3D homogenized limit analysis of non-periodic multi-leaf masonry walls

This paper presents a 3D model aiming at investigating the out-of-plane collapse behavior of multi-leaf non-periodic masonry walls. These structural elements are widely employed in several constructions that are part of the European architectural heritage, but have been seldom addressed in the available literature due to their natural complexity and uniqueness. Specifically, the model here proposed allows a quick assessment of the out-of-plane collapse behavior of multi-leaf walls through the extraction of out-of-plane homogenized failure surfaces, acting as macroscopic failure criteria in bending and torsion. These failure surfaces are obtained after solving a standard-form linear programming problem written into a MATLAB script, which expresses a limit analysis problem pairing the well-established upper bound theorem and a homogenization approach. A twofold numerical application is performed by investigating a rubble masonry three-leaf wall and a quasi-regular three-leaf wall; in the latter case study, the influence of the rate of transversal interconnection between the outer wythes of the wall is also investigated.

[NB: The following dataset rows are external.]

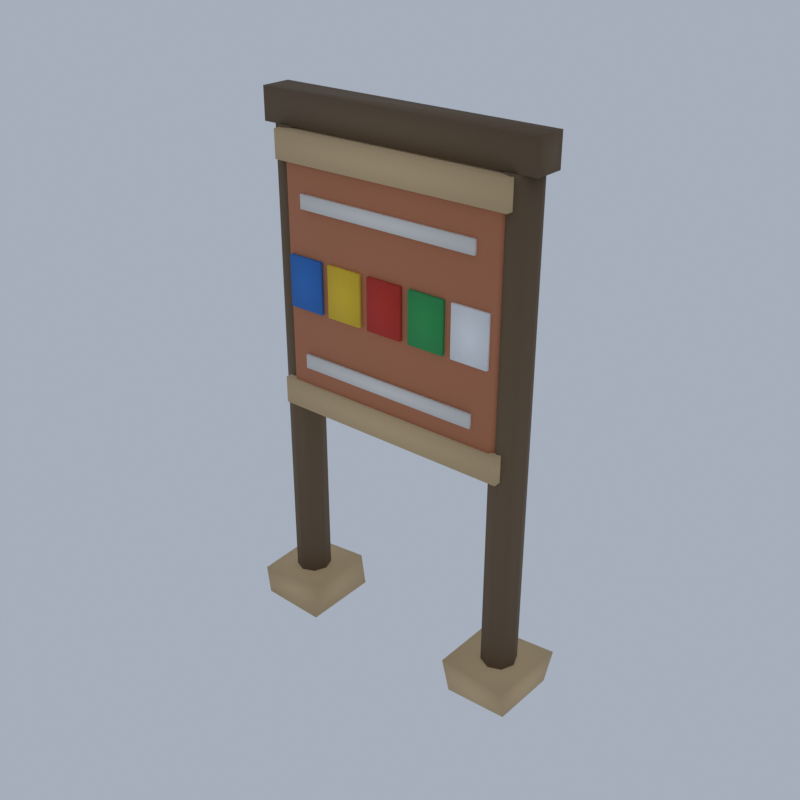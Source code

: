 # Source: NE01_06_village_sign_06.blend  (saved by Blender 5.2.45; exported with 4.5.12 LTS)
import bpy
from mathutils import Matrix  # noqa: F401  (used for matrix-valued properties, if any)

bpy.ops.wm.read_factory_settings(use_empty=True)
scene = bpy.context.scene
scene.name = 'Scene'

# ---- collections
col_collection = bpy.data.collections.new('Collection'); scene.collection.children.link(col_collection)

# ---- materials (node trees are filled in below, after node groups)
mat_vc_timber_wood = bpy.data.materials.new('vc_timber|Wood')
mat_vc_timber_wood.diffuse_color = (0.1636, 0.1062, 0.05819, 1.0)
mat_vc_clay_brick = bpy.data.materials.new('vc_clay|Brick')
mat_vc_clay_brick.diffuse_color = (0.5234, 0.1975, 0.09627, 1.0)
mat_vc_sand_sandstone = bpy.data.materials.new('vc_sand|Sandstone')
mat_vc_sand_sandstone.diffuse_color = (0.68, 0.4878, 0.2674, 1.0)
mat_vc_f_blue_fabric = bpy.data.materials.new('vc_f_blue|Fabric')
mat_vc_f_blue_fabric.diffuse_color = (0.04145, 0.1905, 0.586, 1.0)
mat_vc_f_yellow_fabric = bpy.data.materials.new('vc_f_yellow|Fabric')
mat_vc_f_yellow_fabric.diffuse_color = (0.8751, 0.586, 0.04145, 1.0)
mat_vc_f_red_fabric = bpy.data.materials.new('vc_f_red|Fabric')
mat_vc_f_red_fabric.diffuse_color = (0.586, 0.04145, 0.02776, 1.0)
mat_vc_f_green_fabric = bpy.data.materials.new('vc_f_green|Fabric')
mat_vc_f_green_fabric.diffuse_color = (0.04145, 0.3587, 0.1011, 1.0)
mat_vc_f_white_fabric = bpy.data.materials.new('vc_f_white|Fabric')
mat_vc_f_white_fabric.diffuse_color = (0.9574, 0.9574, 0.9574, 1.0)
mat_vc_white_concrete = bpy.data.materials.new('vc_white|Concrete')
mat_vc_white_concrete.diffuse_color = (0.8434, 0.8122, 0.7519, 1.0)

# ---- material node trees
mat_vc_timber_wood.use_nodes = True; mat_vc_timber_wood.node_tree.nodes.clear()
_N = mat_vc_timber_wood.node_tree.nodes; _L = mat_vc_timber_wood.node_tree.links
n0 = _N.new('ShaderNodeBsdfPrincipled'); n0.name = 'Principled BSDF'; n0.location = (-200, 100)
n0.inputs[0].default_value = (0.1636, 0.1062, 0.05819, 1.0)
n0.inputs[2].default_value = 0.9
n0.inputs[10].default_value = 0.005
n1 = _N.new('ShaderNodeOutputMaterial'); n1.name = 'Material Output'; n1.location = (200, 100)
_L.new(n0.outputs[0], n1.inputs[0])
n1.is_active_output = True
mat_vc_clay_brick.use_nodes = True; mat_vc_clay_brick.node_tree.nodes.clear()
_N = mat_vc_clay_brick.node_tree.nodes; _L = mat_vc_clay_brick.node_tree.links
n0 = _N.new('ShaderNodeBsdfPrincipled'); n0.name = 'Principled BSDF'; n0.location = (-200, 100)
n0.inputs[0].default_value = (0.5234, 0.1975, 0.09627, 1.0)
n0.inputs[2].default_value = 0.9
n0.inputs[10].default_value = 0.005
n1 = _N.new('ShaderNodeOutputMaterial'); n1.name = 'Material Output'; n1.location = (200, 100)
_L.new(n0.outputs[0], n1.inputs[0])
n1.is_active_output = True
mat_vc_sand_sandstone.use_nodes = True; mat_vc_sand_sandstone.node_tree.nodes.clear()
_N = mat_vc_sand_sandstone.node_tree.nodes; _L = mat_vc_sand_sandstone.node_tree.links
n0 = _N.new('ShaderNodeBsdfPrincipled'); n0.name = 'Principled BSDF'; n0.location = (-200, 100)
n0.inputs[0].default_value = (0.68, 0.4878, 0.2674, 1.0)
n0.inputs[2].default_value = 0.95
n0.inputs[10].default_value = 0.005
n1 = _N.new('ShaderNodeOutputMaterial'); n1.name = 'Material Output'; n1.location = (200, 100)
_L.new(n0.outputs[0], n1.inputs[0])
n1.is_active_output = True
mat_vc_f_blue_fabric.use_nodes = True; mat_vc_f_blue_fabric.node_tree.nodes.clear()
_N = mat_vc_f_blue_fabric.node_tree.nodes; _L = mat_vc_f_blue_fabric.node_tree.links
n0 = _N.new('ShaderNodeBsdfPrincipled'); n0.name = 'Principled BSDF'; n0.location = (-200, 100)
n0.inputs[0].default_value = (0.04145, 0.1905, 0.586, 1.0)
n0.inputs[2].default_value = 1.0
n0.inputs[10].default_value = 0.005
n1 = _N.new('ShaderNodeOutputMaterial'); n1.name = 'Material Output'; n1.location = (200, 100)
_L.new(n0.outputs[0], n1.inputs[0])
n1.is_active_output = True
mat_vc_f_yellow_fabric.use_nodes = True; mat_vc_f_yellow_fabric.node_tree.nodes.clear()
_N = mat_vc_f_yellow_fabric.node_tree.nodes; _L = mat_vc_f_yellow_fabric.node_tree.links
n0 = _N.new('ShaderNodeBsdfPrincipled'); n0.name = 'Principled BSDF'; n0.location = (-200, 100)
n0.inputs[0].default_value = (0.8751, 0.586, 0.04145, 1.0)
n0.inputs[2].default_value = 1.0
n0.inputs[10].default_value = 0.005
n1 = _N.new('ShaderNodeOutputMaterial'); n1.name = 'Material Output'; n1.location = (200, 100)
_L.new(n0.outputs[0], n1.inputs[0])
n1.is_active_output = True
mat_vc_f_red_fabric.use_nodes = True; mat_vc_f_red_fabric.node_tree.nodes.clear()
_N = mat_vc_f_red_fabric.node_tree.nodes; _L = mat_vc_f_red_fabric.node_tree.links
n0 = _N.new('ShaderNodeBsdfPrincipled'); n0.name = 'Principled BSDF'; n0.location = (-200, 100)
n0.inputs[0].default_value = (0.586, 0.04145, 0.02776, 1.0)
n0.inputs[2].default_value = 1.0
n0.inputs[10].default_value = 0.005
n1 = _N.new('ShaderNodeOutputMaterial'); n1.name = 'Material Output'; n1.location = (200, 100)
_L.new(n0.outputs[0], n1.inputs[0])
n1.is_active_output = True
mat_vc_f_green_fabric.use_nodes = True; mat_vc_f_green_fabric.node_tree.nodes.clear()
_N = mat_vc_f_green_fabric.node_tree.nodes; _L = mat_vc_f_green_fabric.node_tree.links
n0 = _N.new('ShaderNodeBsdfPrincipled'); n0.name = 'Principled BSDF'; n0.location = (-200, 100)
n0.inputs[0].default_value = (0.04145, 0.3587, 0.1011, 1.0)
n0.inputs[2].default_value = 1.0
n0.inputs[10].default_value = 0.005
n1 = _N.new('ShaderNodeOutputMaterial'); n1.name = 'Material Output'; n1.location = (200, 100)
_L.new(n0.outputs[0], n1.inputs[0])
n1.is_active_output = True
mat_vc_f_white_fabric.use_nodes = True; mat_vc_f_white_fabric.node_tree.nodes.clear()
_N = mat_vc_f_white_fabric.node_tree.nodes; _L = mat_vc_f_white_fabric.node_tree.links
n0 = _N.new('ShaderNodeBsdfPrincipled'); n0.name = 'Principled BSDF'; n0.location = (-200, 100)
n0.inputs[0].default_value = (0.9574, 0.9574, 0.9574, 1.0)
n0.inputs[2].default_value = 1.0
n0.inputs[10].default_value = 0.005
n1 = _N.new('ShaderNodeOutputMaterial'); n1.name = 'Material Output'; n1.location = (200, 100)
_L.new(n0.outputs[0], n1.inputs[0])
n1.is_active_output = True
mat_vc_white_concrete.use_nodes = True; mat_vc_white_concrete.node_tree.nodes.clear()
_N = mat_vc_white_concrete.node_tree.nodes; _L = mat_vc_white_concrete.node_tree.links
n0 = _N.new('ShaderNodeBsdfPrincipled'); n0.name = 'Principled BSDF'; n0.location = (-200, 100)
n0.inputs[0].default_value = (0.8434, 0.8122, 0.7519, 1.0)
n0.inputs[2].default_value = 0.9
n0.inputs[10].default_value = 0.005
n1 = _N.new('ShaderNodeOutputMaterial'); n1.name = 'Material Output'; n1.location = (200, 100)
_L.new(n0.outputs[0], n1.inputs[0])
n1.is_active_output = True

# ---- world
world_world = bpy.data.worlds.new('World'); scene.world = world_world
world_world.use_nodes = True; world_world.node_tree.nodes.clear()
_N = world_world.node_tree.nodes; _L = world_world.node_tree.links
n0 = _N.new('ShaderNodeOutputWorld'); n0.name = 'World Output'; n0.location = (200, 100)
n1 = _N.new('ShaderNodeBackground'); n1.name = 'Background'; n1.location = (-200, 100)
n1.inputs[0].default_value = (0.42, 0.47, 0.55, 1.0)
n1.inputs[1].default_value = 0.9
_L.new(n1.outputs[0], n0.inputs[0])
n0.is_active_output = True
world_world.color = (0.05088, 0.05088, 0.05088)
world_world.sun_shadow_jitter_overblur = 0.0

# ---- meshes
me_village_sign = bpy.data.meshes.new('village_sign')
me_village_sign.from_pydata([(-3.343, -0.01713, 0.07604), (-3.343, -0.01713, 16.58), (-3.509, 0.4071, 0.07604), (-3.509, 0.4071, 16.58), (-3.91, 0.5829, 0.07604), (-3.91, 0.5829, 16.58), (-4.311, 0.4071, 0.07604), (-4.311, 0.4071, 16.58), (-4.477, -0.01713, 0.07604), (-4.477, -0.01713, 16.58), (-4.311, -0.4414, 0.07604), (-4.311, -0.4414, 16.58), (-3.91, -0.6171, 0.07604), (-3.91, -0.6171, 16.58), (-3.509, -0.4414, 0.07604), (-3.509, -0.4414, 16.58), (4.593, -0.01713, 0.07604), (4.593, -0.01713, 16.58), (4.427, 0.4071, 0.07604), (4.427, 0.4071, 16.58), (4.026, 0.5829, 0.07604), (4.026, 0.5829, 16.58), (3.625, 0.4071, 0.07604), (3.625, 0.4071, 16.58), (3.459, -0.01713, 0.07604), (3.459, -0.01713, 16.58), (3.625, -0.4414, 0.07604), (3.625, -0.4414, 16.58), (4.026, -0.6171, 0.07604), (4.026, -0.6171, 16.58), (4.427, -0.4414, 0.07604), (4.427, -0.4414, 16.58), (-4.666, -0.5171, 16.58), (4.782, -0.5171, 16.58), (4.782, 0.4829, 16.58), (-4.666, 0.4829, 16.58), (-4.666, -0.5171, 17.6), (4.782, -0.5171, 17.6), (4.782, 0.4829, 17.6), (-4.666, 0.4829, 17.6), (-3.657, -0.5491, 8.203), (-3.657, -0.7171, 8.416), (-3.815, -0.5491, 8.416), (-3.657, -0.7171, 15.61), (-3.657, -0.5491, 15.82), (-3.815, -0.5491, 15.61), (-3.657, 0.5149, 8.203), (-3.815, 0.5149, 8.416), (-3.657, 0.6829, 8.416), (-3.657, 0.5149, 15.82), (-3.657, 0.6829, 15.61), (-3.815, 0.5149, 15.61), (3.773, -0.5491, 8.203), (3.932, -0.5491, 8.416), (3.773, -0.7171, 8.416), (3.773, -0.5491, 15.82), (3.773, -0.7171, 15.61), (3.932, -0.5491, 15.61), (3.773, 0.5149, 8.203), (3.773, 0.6829, 8.416), (3.932, 0.5149, 8.416), (3.773, 0.5149, 15.82), (3.932, 0.5149, 15.61), (3.773, 0.6829, 15.61), (-4.004, -0.8171, 15.63), (4.121, -0.8171, 15.63), (4.121, 0.7829, 15.63), (-4.004, 0.7829, 15.63), (-4.004, -0.8171, 16.52), (4.121, -0.8171, 16.52), (4.121, 0.7829, 16.52), (-4.004, 0.7829, 16.52), (-4.004, -0.8171, 7.759), (4.121, -0.8171, 7.759), (4.121, 0.7829, 7.759), (-4.004, 0.7829, 7.759), (-4.004, -0.8171, 8.648), (4.121, -0.8171, 8.648), (4.121, 0.7829, 8.648), (-4.004, 0.7829, 8.648), (-4.903, -1.256, 0.09044), (-2.646, -1.321, 0.07859), (-2.746, 1.355, 0.0), (-5.2, 1.114, 0.1289), (-4.919, -1.357, 1.16), (-2.766, -1.037, 1.163), (-2.924, 1.365, 1.088), (-5.168, 1.17, 1.023), (2.983, -1.2, 0.01255), (5.061, -1.215, 0.1213), (5.078, 1.032, 0.05243), (2.736, 1.12, 0.1365), (2.778, -1.293, 1.136), (5.052, -1.365, 1.051), (5.2, 1.264, 1.121), (2.735, 1.1, 1.029), (-3.579, -0.8271, 11.19), (-2.351, -0.8271, 11.19), (-2.351, -0.7071, 11.19), (-3.579, -0.7071, 11.19), (-3.579, -0.8271, 12.84), (-2.351, -0.8271, 12.84), (-2.351, -0.7071, 12.84), (-3.579, -0.7071, 12.84), (-2.068, -0.8271, 11.19), (-0.8394, -0.8271, 11.19), (-0.8394, -0.7071, 11.19), (-2.068, -0.7071, 11.19), (-2.068, -0.8271, 12.84), (-0.8394, -0.8271, 12.84), (-0.8394, -0.7071, 12.84), (-2.068, -0.7071, 12.84), (-0.5559, -0.8271, 11.19), (0.6723, -0.8271, 11.19), (0.6723, -0.7071, 11.19), (-0.5559, -0.7071, 11.19), (-0.5559, -0.8271, 12.84), (0.6723, -0.8271, 12.84), (0.6723, -0.7071, 12.84), (-0.5559, -0.7071, 12.84), (0.9557, -0.8271, 11.19), (2.184, -0.8271, 11.19), (2.184, -0.7071, 11.19), (0.9557, -0.7071, 11.19), (0.9557, -0.8271, 12.84), (2.184, -0.8271, 12.84), (2.184, -0.7071, 12.84), (0.9557, -0.7071, 12.84), (2.467, -0.8271, 11.19), (3.696, -0.8271, 11.19), (3.696, -0.7071, 11.19), (2.467, -0.7071, 11.19), (2.467, -0.8271, 12.84), (3.696, -0.8271, 12.84), (3.696, -0.7071, 12.84), (2.467, -0.7071, 12.84), (-3.06, -0.8271, 14.33), (3.176, -0.8271, 14.33), (3.176, -0.7071, 14.33), (-3.06, -0.7071, 14.33), (-3.06, -0.8271, 14.77), (3.176, -0.8271, 14.77), (3.176, -0.7071, 14.77), (-3.06, -0.7071, 14.77), (-3.06, -0.8271, 9.251), (3.176, -0.8271, 9.251), (3.176, -0.7071, 9.251), (-3.06, -0.7071, 9.251), (-3.06, -0.8271, 9.695), (3.176, -0.8271, 9.695), (3.176, -0.7071, 9.695), (-3.06, -0.7071, 9.695)], [], [(14, 12, 10, 8, 6, 4, 2, 0), (1, 3, 5, 7, 9, 11, 13, 15), (0, 2, 3, 1), (2, 4, 5, 3), (4, 6, 7, 5), (6, 8, 9, 7), (8, 10, 11, 9), (10, 12, 13, 11), (12, 14, 15, 13), (14, 0, 1, 15), (30, 28, 26, 24, 22, 20, 18, 16), (17, 19, 21, 23, 25, 27, 29, 31), (16, 18, 19, 17), (18, 20, 21, 19), (20, 22, 23, 21), (22, 24, 25, 23), (24, 26, 27, 25), (26, 28, 29, 27), (28, 30, 31, 29), (30, 16, 17, 31), (32, 35, 34, 33), (36, 37, 38, 39), (32, 33, 37, 36), (33, 34, 38, 37), (34, 35, 39, 38), (35, 32, 36, 39), (40, 41, 42), (43, 44, 45), (46, 47, 48), (49, 50, 51), (52, 53, 54), (55, 56, 57), (58, 59, 60), (61, 62, 63), (46, 40, 42, 47), (41, 43, 45, 42), (44, 49, 51, 45), (50, 48, 47, 51), (58, 46, 48, 59), (49, 61, 63, 50), (62, 60, 59, 63), (52, 58, 60, 53), (61, 55, 57, 62), (56, 54, 53, 57), (40, 52, 54, 41), (55, 44, 43, 56), (46, 58, 52, 40), (42, 45, 51, 47), (54, 56, 43, 41), (61, 49, 44, 55), (48, 50, 63, 59), (60, 62, 57, 53), (64, 67, 66, 65), (68, 69, 70, 71), (64, 65, 69, 68), (65, 66, 70, 69), (66, 67, 71, 70), (67, 64, 68, 71), (72, 75, 74, 73), (76, 77, 78, 79), (72, 73, 77, 76), (73, 74, 78, 77), (74, 75, 79, 78), (75, 72, 76, 79), (80, 83, 82, 81), (84, 85, 86, 87), (80, 81, 85, 84), (81, 82, 86, 85), (82, 83, 87, 86), (83, 80, 84, 87), (88, 91, 90, 89), (92, 93, 94, 95), (88, 89, 93, 92), (89, 90, 94, 93), (90, 91, 95, 94), (91, 88, 92, 95), (96, 99, 98, 97), (100, 101, 102, 103), (96, 97, 101, 100), (97, 98, 102, 101), (98, 99, 103, 102), (99, 96, 100, 103), (104, 107, 106, 105), (108, 109, 110, 111), (104, 105, 109, 108), (105, 106, 110, 109), (106, 107, 111, 110), (107, 104, 108, 111), (112, 115, 114, 113), (116, 117, 118, 119), (112, 113, 117, 116), (113, 114, 118, 117), (114, 115, 119, 118), (115, 112, 116, 119), (120, 123, 122, 121), (124, 125, 126, 127), (120, 121, 125, 124), (121, 122, 126, 125), (122, 123, 127, 126), (123, 120, 124, 127), (128, 131, 130, 129), (132, 133, 134, 135), (128, 129, 133, 132), (129, 130, 134, 133), (130, 131, 135, 134), (131, 128, 132, 135), (136, 139, 138, 137), (140, 141, 142, 143), (136, 137, 141, 140), (137, 138, 142, 141), (138, 139, 143, 142), (139, 136, 140, 143), (144, 147, 146, 145), (148, 149, 150, 151), (144, 145, 149, 148), (145, 146, 150, 149), (146, 147, 151, 150), (147, 144, 148, 151)])
me_village_sign.polygons.foreach_set('use_smooth', [True] * 118)
me_village_sign.polygons.foreach_set('material_index', [0, 0, 0, 0, 0, 0, 0, 0, 0, 0, 0, 0, 0, 0, 0, 0, 0, 0, 0, 0, 0, 0, 0, 0, 0, 0, 1, 1, 1, 1, 1, 1, 1, 1, 1, 1, 1, 1, 1, 1, 1, 1, 1, 1, 1, 1, 1, 1, 1, 1, 1, 1, 2, 2, 2, 2, 2, 2, 2, 2, 2, 2, 2, 2, 2, 2, 2, 2, 2, 2, 2, 2, 2, 2, 2, 2, 3, 3, 3, 3, 3, 3, 4, 4, 4, 4, 4, 4, 5, 5, 5, 5, 5, 5, 6, 6, 6, 6, 6, 6, 7, 7, 7, 7, 7, 7, 8, 8, 8, 8, 8, 8, 8, 8, 8, 8, 8, 8])
_k = set([(0, 1), (0, 2), (0, 14), (1, 3), (1, 15), (2, 3), (2, 4), (3, 5), (4, 5), (4, 6), (5, 7), (6, 7), (6, 8), (7, 9), (8, 9), (8, 10), (9, 11), (10, 11), (10, 12), (11, 13), (12, 13), (12, 14), (13, 15), (14, 15), (16, 17), (16, 18), (16, 30), (17, 19), (17, 31), (18, 19), (18, 20), (19, 21), (20, 21), (20, 22), (21, 23), (22, 23), (22, 24), (23, 25), (24, 25), (24, 26), (25, 27), (26, 27), (26, 28), (27, 29), (28, 29), (28, 30), (29, 31), (30, 31), (32, 33), (32, 35), (32, 36), (33, 34), (33, 37), (34, 35), (34, 38), (35, 39), (36, 37), (36, 39), (37, 38), (38, 39), (40, 41), (40, 42), (40, 46), (40, 52), (41, 42), (41, 43), (41, 54), (42, 45), (42, 47), (43, 44), (43, 45), (43, 56), (44, 45), (44, 49), (44, 55), (45, 51), (46, 47), (46, 48), (46, 58), (47, 48), (47, 51), (48, 50), (48, 59), (49, 50), (49, 51), (49, 61), (50, 51), (50, 63), (52, 53), (52, 54), (52, 58), (53, 54), (53, 57), (53, 60), (54, 56), (55, 56), (55, 57), (55, 61), (56, 57), (57, 62), (58, 59), (58, 60), (59, 60), (59, 63), (60, 62), (61, 62), (61, 63), (62, 63), (64, 65), (64, 67), (64, 68), (65, 66), (65, 69), (66, 67), (66, 70), (67, 71), (68, 69), (68, 71), (69, 70), (70, 71), (72, 73), (72, 75), (72, 76), (73, 74), (73, 77), (74, 75), (74, 78), (75, 79), (76, 77), (76, 79), (77, 78), (78, 79), (80, 81), (80, 83), (80, 84), (81, 82), (81, 85), (82, 83), (82, 86), (83, 87), (84, 85), (84, 87), (85, 86), (86, 87), (88, 89), (88, 91), (88, 92), (89, 90), (89, 93), (90, 91), (90, 94), (91, 95), (92, 93), (92, 95), (93, 94), (94, 95), (96, 97), (96, 99), (96, 100), (97, 98), (97, 101), (98, 99), (98, 102), (99, 103), (100, 101), (100, 103), (101, 102), (102, 103), (104, 105), (104, 107), (104, 108), (105, 106), (105, 109), (106, 107), (106, 110), (107, 111), (108, 109), (108, 111), (109, 110), (110, 111), (112, 113), (112, 115), (112, 116), (113, 114), (113, 117), (114, 115), (114, 118), (115, 119), (116, 117), (116, 119), (117, 118), (118, 119), (120, 121), (120, 123), (120, 124), (121, 122), (121, 125), (122, 123), (122, 126), (123, 127), (124, 125), (124, 127), (125, 126), (126, 127), (128, 129), (128, 131), (128, 132), (129, 130), (129, 133), (130, 131), (130, 134), (131, 135), (132, 133), (132, 135), (133, 134), (134, 135), (136, 137), (136, 139), (136, 140), (137, 138), (137, 141), (138, 139), (138, 142), (139, 143), (140, 141), (140, 143), (141, 142), (142, 143), (144, 145), (144, 147), (144, 148), (145, 146), (145, 149), (146, 147), (146, 150), (147, 151), (148, 149), (148, 151), (149, 150), (150, 151)])
me_village_sign.attributes.new('sharp_edge', 'BOOLEAN', 'EDGE').data.foreach_set('value', [ (min(e.vertices), max(e.vertices)) in _k for e in me_village_sign.edges])
me_village_sign.materials.append(mat_vc_timber_wood)
me_village_sign.materials.append(mat_vc_clay_brick)
me_village_sign.materials.append(mat_vc_sand_sandstone)
me_village_sign.materials.append(mat_vc_f_blue_fabric)
me_village_sign.materials.append(mat_vc_f_yellow_fabric)
me_village_sign.materials.append(mat_vc_f_red_fabric)
me_village_sign.materials.append(mat_vc_f_green_fabric)
me_village_sign.materials.append(mat_vc_f_white_fabric)
me_village_sign.materials.append(mat_vc_white_concrete)
me_village_sign.update()

# ---- objects
ob_village_sign = bpy.data.objects.new('village_sign', me_village_sign)

# ---- transforms, parenting, visibility, modifiers, constraints
ob_village_sign.location = (0.0, 0.0, 0.0)

# ---- collection membership
scene.collection.objects.link(ob_village_sign)

# ---- scene / render settings (as saved in the file)
scene.frame_start = 1; scene.frame_end = 250; scene.frame_set(1)
scene.render.engine = 'CYCLES'
scene.render.resolution_x = 420
scene.render.resolution_y = 420
scene.render.bake_bias = 0.0
scene.render.bake_samples = 0
scene.render.compositor_device = 'GPU'
scene.cycles.samples = 24
scene.cycles.adaptive_threshold = 0.05
scene.cycles.max_bounces = 4
scene.cycles.diffuse_bounces = 2
scene.cycles.glossy_bounces = 2
scene.cycles.transmission_bounces = 2
scene.cycles.transparent_max_bounces = 4
scene.eevee.taa_render_samples = 48
scene.eevee.use_volume_custom_range = False
scene.eevee.fast_gi_thickness_near = 0.1
scene.eevee.fast_gi_thickness_far = 0.0
scene.eevee.ray_tracing_options.screen_trace_thickness = 0.1
scene.view_settings.view_transform = 'Standard'
bpy.context.view_layer.update()

# ---- added for rendering (the .blend has no active camera): camera
cam_auto = bpy.data.cameras.new('AutoCamera')
cam_auto.lens = 50.0
cam_auto.sensor_width = 36.0
cam_auto.clip_end = 1000.0
ob_auto_camera = bpy.data.objects.new('AutoCamera', cam_auto)
scene.collection.objects.link(ob_auto_camera)
ob_auto_camera.location = (19.0824, -22.8988, 24.0659)
ob_auto_camera.rotation_euler = (1.09748, -7.21219e-08, 0.694738)
scene.camera = ob_auto_camera
bpy.context.view_layer.update()

The results show that the presence of two different masonry bonds in the outer wythes entails some changes in the out-of-plane collapse behavior of the two case studies: namely, the out-of-plane response of the wall both under flexural and torsional actions is increased for the rubble masonry three-leaf wall, whereas it is decreased for the quasi-regular three-leaf wall. Moreover, in the latter case it is once more confirmed that a good transversal interconnection between the outer wythes - usually brought by the presence of transversal bricks – has beneficial effects on its out-of-plane collapse behavior, which are displayed both by the out-of-plane homogenized failure surfaces and deformed shapes at collapse.